Properties and purification of the catalytic subunit of cyclic AMP-dependent protein kinase of adipose tissue

The catalytic subunit of cAMP-dependent protein kinase from rat adipose tissue was purified to apparent homogeneity by making use of the differential binding of the holoenzyme and the free catalytic subunit to CM-Sephadex and by gel chromatography. Stability and yield was improved by inclusion of nonionic detergent in all steps after dissociation of the holoenzyme.
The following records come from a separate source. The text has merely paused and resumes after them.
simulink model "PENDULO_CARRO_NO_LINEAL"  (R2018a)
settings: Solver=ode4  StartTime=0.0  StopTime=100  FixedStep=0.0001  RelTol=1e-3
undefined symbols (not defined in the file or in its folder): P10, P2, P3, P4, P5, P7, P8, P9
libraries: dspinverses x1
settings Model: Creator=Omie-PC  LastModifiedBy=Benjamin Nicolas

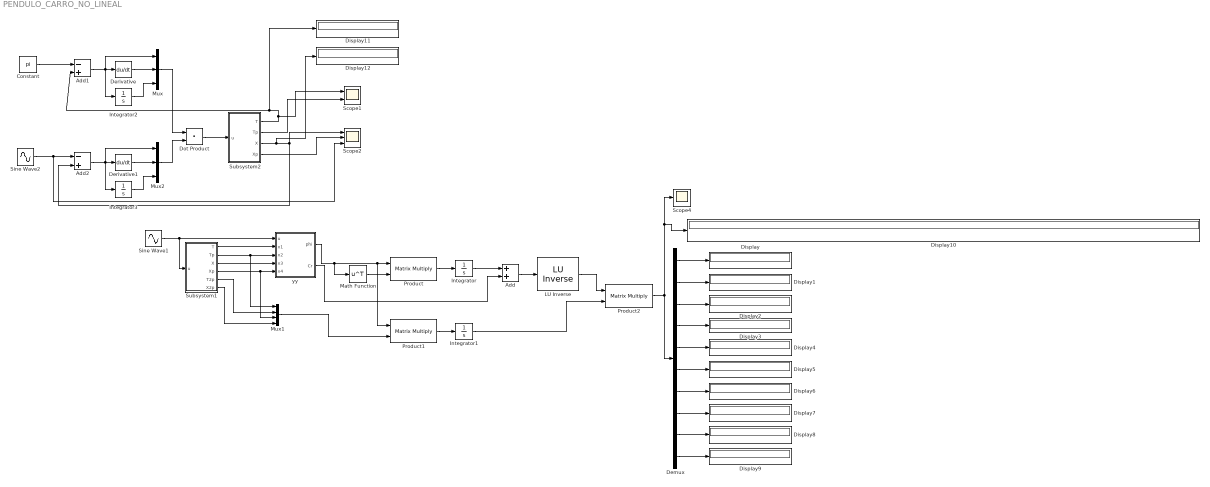
== system PENDULO_CARRO_NO_LINEAL ==
  " LU Inverse" : dspinverses/ LU Inverse
      settings: SourceProductName=DSP System Toolbox
  Add : Sum
  Add1 : Sum  Inputs=-+
  Add2 : Sum  Inputs=-+
  Constant : Constant  Value=pi
  Demux : Demux  Outputs=10
  Derivative : Derivative
  Derivative1 : Derivative
  Display{,1..12} (13 alike) : Display
  Dot Product : DotProduct  InputSameDT=on  OutDataTypeStr=Inherit: Inherit via internal rule
  Integrator{,1..3} (4 alike) : Integrator
  Math Function : Math  Operator=transpose  SaturateOnIntegerOverflow=on
  Mux : Mux  Inputs=3
  Mux1 : Mux
  Mux2 : Mux  Inputs=3
  Product : Product  Multiplication=Matrix(*)
  Product1 : Product  Multiplication=Matrix(*)
  Product2 : Product  Multiplication=Matrix(*)
  Scope1 : Scope  NumInputPorts=2
  Scope2 : Scope  NumInputPorts=3
  Scope4 : Scope
  Sine Wave1 : Sin  Frequency=6000  SampleTime=0
  Sine Wave2 : Sin  Frequency=10000  SampleTime=0
  Subsystem1 : Subsystem
  Subsystem2 : Subsystem
  yy : MATLAB Function  TreatAsAtomicUnit=on
  wires:
  yy/2(Cr) -> Add/2
  Demux/5 -> Display4/1
  Product/1 -> Integrator/1
  Demux/3 -> Display2/1
  Demux/1 -> Display/1
  Product1/1 -> Integrator1/1
  " LU Inverse"/1 -> Product2/1
  yy/1(phi) -> Product1/1, Product/1, Math Function/1
  Demux/2 -> Display1/1
  Product2/1 -> Display10/1, Scope4/1, Demux/1
  Integrator1/1 -> Product2/2
  Demux/4 -> Display3/1
  Mux1/1 -> Product1/2
  Add/1 -> " LU Inverse"/1
  Math Function/1 -> Product/2
  Integrator/1 -> Add/1
  Sine Wave1/1 -> Subsystem1/1(u), yy/1(u)
  Demux/10 -> Display9/1
  Demux/9 -> Display8/1
  Demux/8 -> Display7/1
  Demux/7 -> Display6/1
  Demux/6 -> Display5/1
  Subsystem1/1(T) -> yy/2(x1)
  Subsystem1/2(Tp) -> Mux1/1, yy/3(x2)
  Subsystem1/3(X) -> yy/4(x3)
  Subsystem1/4(Xp) -> Mux1/3, yy/5(x4)
  Subsystem1/5(T2p) -> Mux1/2
  Subsystem1/6(X2p) -> Mux1/4
  Subsystem2/1(T) -> Display11/1, Add1/2, Scope1/1
  Subsystem2/2(Tp) -> Scope1/2
  Subsystem2/3(X) -> Display12/1, Scope2/1, Add2/2
  Subsystem2/4(Xp) -> Scope2/2
  Constant/1 -> Add1/1
  Add1/1 -> Mux/1, Integrator2/1, Derivative/1
  Derivative/1 -> Mux/2
  Integrator2/1 -> Mux/3
  Integrator3/1 -> Mux2/3
  Sine Wave2/1 -> Scope2/3, Add2/1
  Add2/1 -> Mux2/1, Integrator3/1, Derivative1/1
  Derivative1/1 -> Mux2/2
  Dot Product/1 -> Subsystem2/1(u)
  Mux2/1 -> Dot Product/2
  Mux/1 -> Dot Product/1

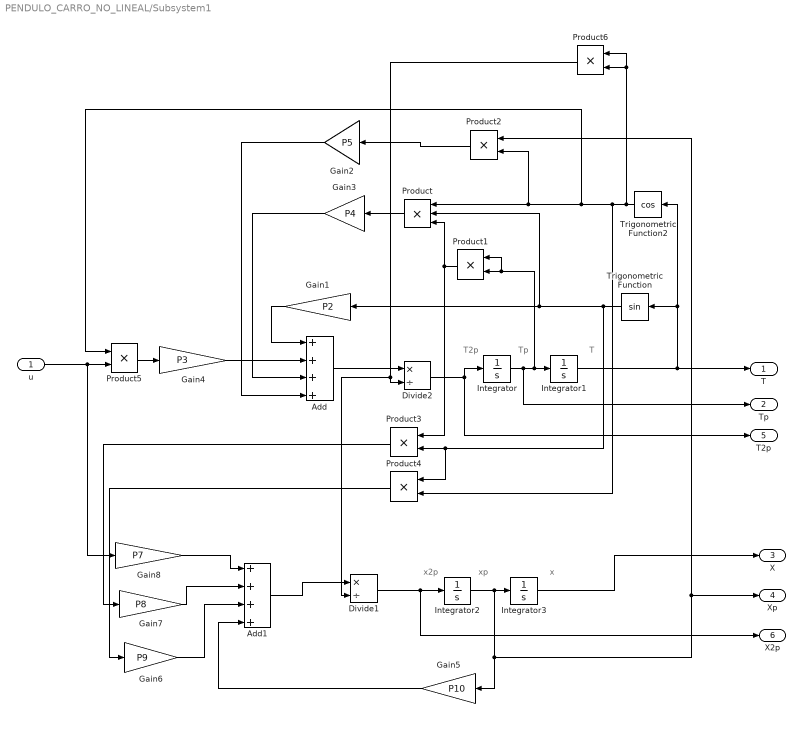
== system PENDULO_CARRO_NO_LINEAL/Subsystem1 ==
  note: x2p
  note: xp
  note: x
  note: T
  note: T2p
  note: Tp
  u : Inport
  Add : Sum  Inputs=++++
  Add1 : Sum  Inputs=++++
  Divide1 : Product  Inputs=*/
  Divide2 : Product  Inputs=*/
  Gain1 : Gain  Gain=P2
  Gain2 : Gain  Gain=P5
  Gain3 : Gain  Gain=P4
  Gain4 : Gain  Gain=P3
  Gain5 : Gain  Gain=P10
  Gain6 : Gain  Gain=P9
  Gain7 : Gain  Gain=P8
  Gain8 : Gain  Gain=P7
  Integrator : Integrator
  Integrator1 : Integrator  InitialCondition=pi
  Integrator2 : Integrator
  Integrator3 : Integrator
  Product : Product  Inputs=3
  Product{1..6} (6 alike) : Product
  Trigonometric Function : Trigonometry
  Trigonometric Function2 : Trigonometry  Operator=cos
  T : Outport
  Tp : Outport  Port=2
  X : Outport  Port=3
  Xp : Outport  Port=4
  T2p : Outport  Port=5
  X2p : Outport  Port=6
  wires:
  Integrator3/1 -> X/1
  Product/1 -> Gain3/1
  Gain5/1 -> Add1/4
  Gain3/1 -> Add/3
  Integrator2/1 -> Integrator3/1, Gain5/1, Product2/1, Xp/1
  Gain2/1 -> Add/4
  Product3/1 -> Gain7/1
  Gain7/1 -> Add1/2
  Gain8/1 -> Add1/1
  Gain6/1 -> Add1/3
  Gain1/1 -> Add/1
  Product4/1 -> Gain6/1
  Product2/1 -> Gain2/1
  Integrator/1 -> Tp/1, Product1/2, Product1/1, Integrator1/1
  Product1/1 -> Product/3, Product3/1
  Gain4/1 -> Add/2
  Trigonometric Function/1 -> Product/2, Gain1/1, Product3/2, Product4/1
  Integrator1/1 -> Trigonometric Function/1, Trigonometric Function2/1, T/1
  Product5/1 -> Gain4/1
  u/1 -> Gain8/1, Product5/2
  Trigonometric Function2/1 -> Product6/1, Product6/2, Product5/1, Product/1, Product2/2, Product4/2
  Add1/1 -> Divide1/1
  Divide1/1 -> X2p/1, Integrator2/1
  Add/1 -> Divide2/1
  Divide2/1 -> T2p/1, Integrator/1
  Product6/1 -> Divide1/2, Divide2/2

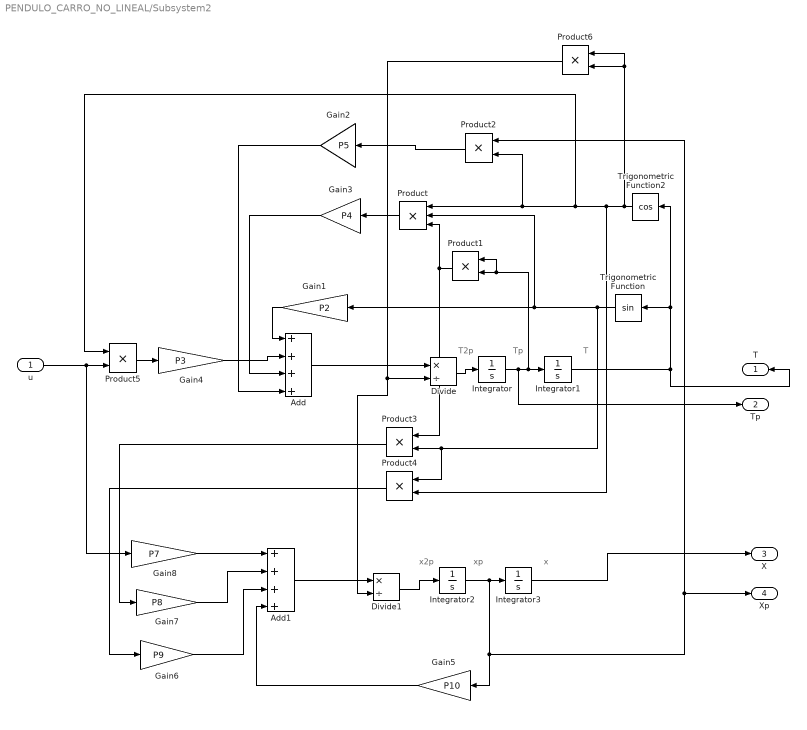
== system PENDULO_CARRO_NO_LINEAL/Subsystem2 ==
  note: Tp
  note: T2p
  note: T
  note: x
  note: xp
  note: x2p
  u : Inport
  Add : Sum  Inputs=++++
  Add1 : Sum  Inputs=++++
  Divide : Product  Inputs=*/
  Divide1 : Product  Inputs=*/
  Gain1 : Gain  Gain=P2
  Gain2 : Gain  Gain=P5
  Gain3 : Gain  Gain=P4
  Gain4 : Gain  Gain=P3
  Gain5 : Gain  Gain=P10
  Gain6 : Gain  Gain=P9
  Gain7 : Gain  Gain=P8
  Gain8 : Gain  Gain=P7
  Integrator : Integrator
  Integrator1 : Integrator  InitialCondition=pi
  Integrator2 : Integrator  InitialCondition=0.1
  Integrator3 : Integrator
  Product : Product  Inputs=3
  Product{1..6} (6 alike) : Product
  Trigonometric Function : Trigonometry
  Trigonometric Function2 : Trigonometry  Operator=cos
  T : Outport
  Tp : Outport  Port=2
  X : Outport  Port=3
  Xp : Outport  Port=4
  wires:
  u/1 -> Product5/2, Gain8/1
  Product5/1 -> Gain4/1
  Integrator1/1 -> T/1, Trigonometric Function2/1, Trigonometric Function/1
  Trigonometric Function/1 -> Product4/1, Product3/2, Gain1/1, Product/2
  Gain4/1 -> Add/2
  Product1/1 -> Product3/1, Product/3
  Integrator/1 -> Integrator1/1, Product1/1, Product1/2, Tp/1
  Product2/1 -> Gain2/1
  Product4/1 -> Gain6/1
  Gain1/1 -> Add/1
  Gain6/1 -> Add1/3
  Gain8/1 -> Add1/1
  Gain7/1 -> Add1/2
  Product3/1 -> Gain7/1
  Gain2/1 -> Add/4
  Integrator2/1 -> Xp/1, Product2/1, Gain5/1, Integrator3/1
  Gain3/1 -> Add/3
  Gain5/1 -> Add1/4
  Product/1 -> Gain3/1
  Integrator3/1 -> X/1
  Divide/1 -> Integrator/1
  Trigonometric Function2/1 -> Product6/1, Product6/2, Product4/2, Product2/2, Product/1, Product5/1
  Add/1 -> Divide/1
  Product6/1 -> Divide1/2, Divide/2
  Divide1/1 -> Integrator2/1
  Add1/1 -> Divide1/1

== matlab function PENDULO_CARRO_NO_LINEAL/yy ==
  data: u input; x1 input; phi output; x2 input; x3 input; Cr output; x4 input
function [phi,Cr]  = fcn(u,x1,x2,x3,x4)
k=0.1;
Cr=k*eye(10);
phi = [x2,0,0,0;0,sin(x1)/cos(x1)^2,0,0;0,u/cos(x1),0,0;0,x2^2*sin(x1)/cos(x1),0,0;0,x4/cos(x1),0,0;0,0,1,0;0,0,0,u/cos(x1)^2;0,0,0,x2^2*sin(x1)/cos(x1)^2;0,0,0,sin(x1)/cos(x1);0,0,0,x4/cos(x1)^2];

Isoelectric focusing separated enzyme species with pI values of 7.8 and 8.6–8.8. The amino acid composition was similar to the enzyme purified from other tissues. Enzyme activity was markedly unstable in dilute solutions (<5 μg/ml). Additions of nonionic detergent, glycerol, bovine serum albumin and, especially, histones stabilized the enzyme. With protamine, the catalytic subunit had an apparent K_m of 60 μM and V_max of 20 μmol·min⁻¹·mg⁻¹, corresponding values with mixed histones were 12 μM and 1.2 μmol·min⁻¹·mg⁻¹. With both protein substrates the apparent K_m for ATP was 11 μM. Concentrations of Mg²⁺ above 10 mM were inhibitory. Histone phosphorylation was inhibited by NaCl (50% at 0.5 M NaCl) while protamine phosphorylation was stimulated (4-fold at 1 M NaCl). Inorganic phosphate inhibited both substrates (histones: 50% at 0.3 M, and protamine: 50% at 0.5 M). pH optimum was around pH 9 with both substrates. The catalytic subunit contained 2.0 (range of three determinations, 1.7–2.3) mol phosphate/mol protein. It was autophosphorylated and incorporated ³²P_i from [γ-³²P]ATP in a time-dependent process, reaching saturation when approx. 0.1 mol phosphate/mol catalytic subunit was incorporated.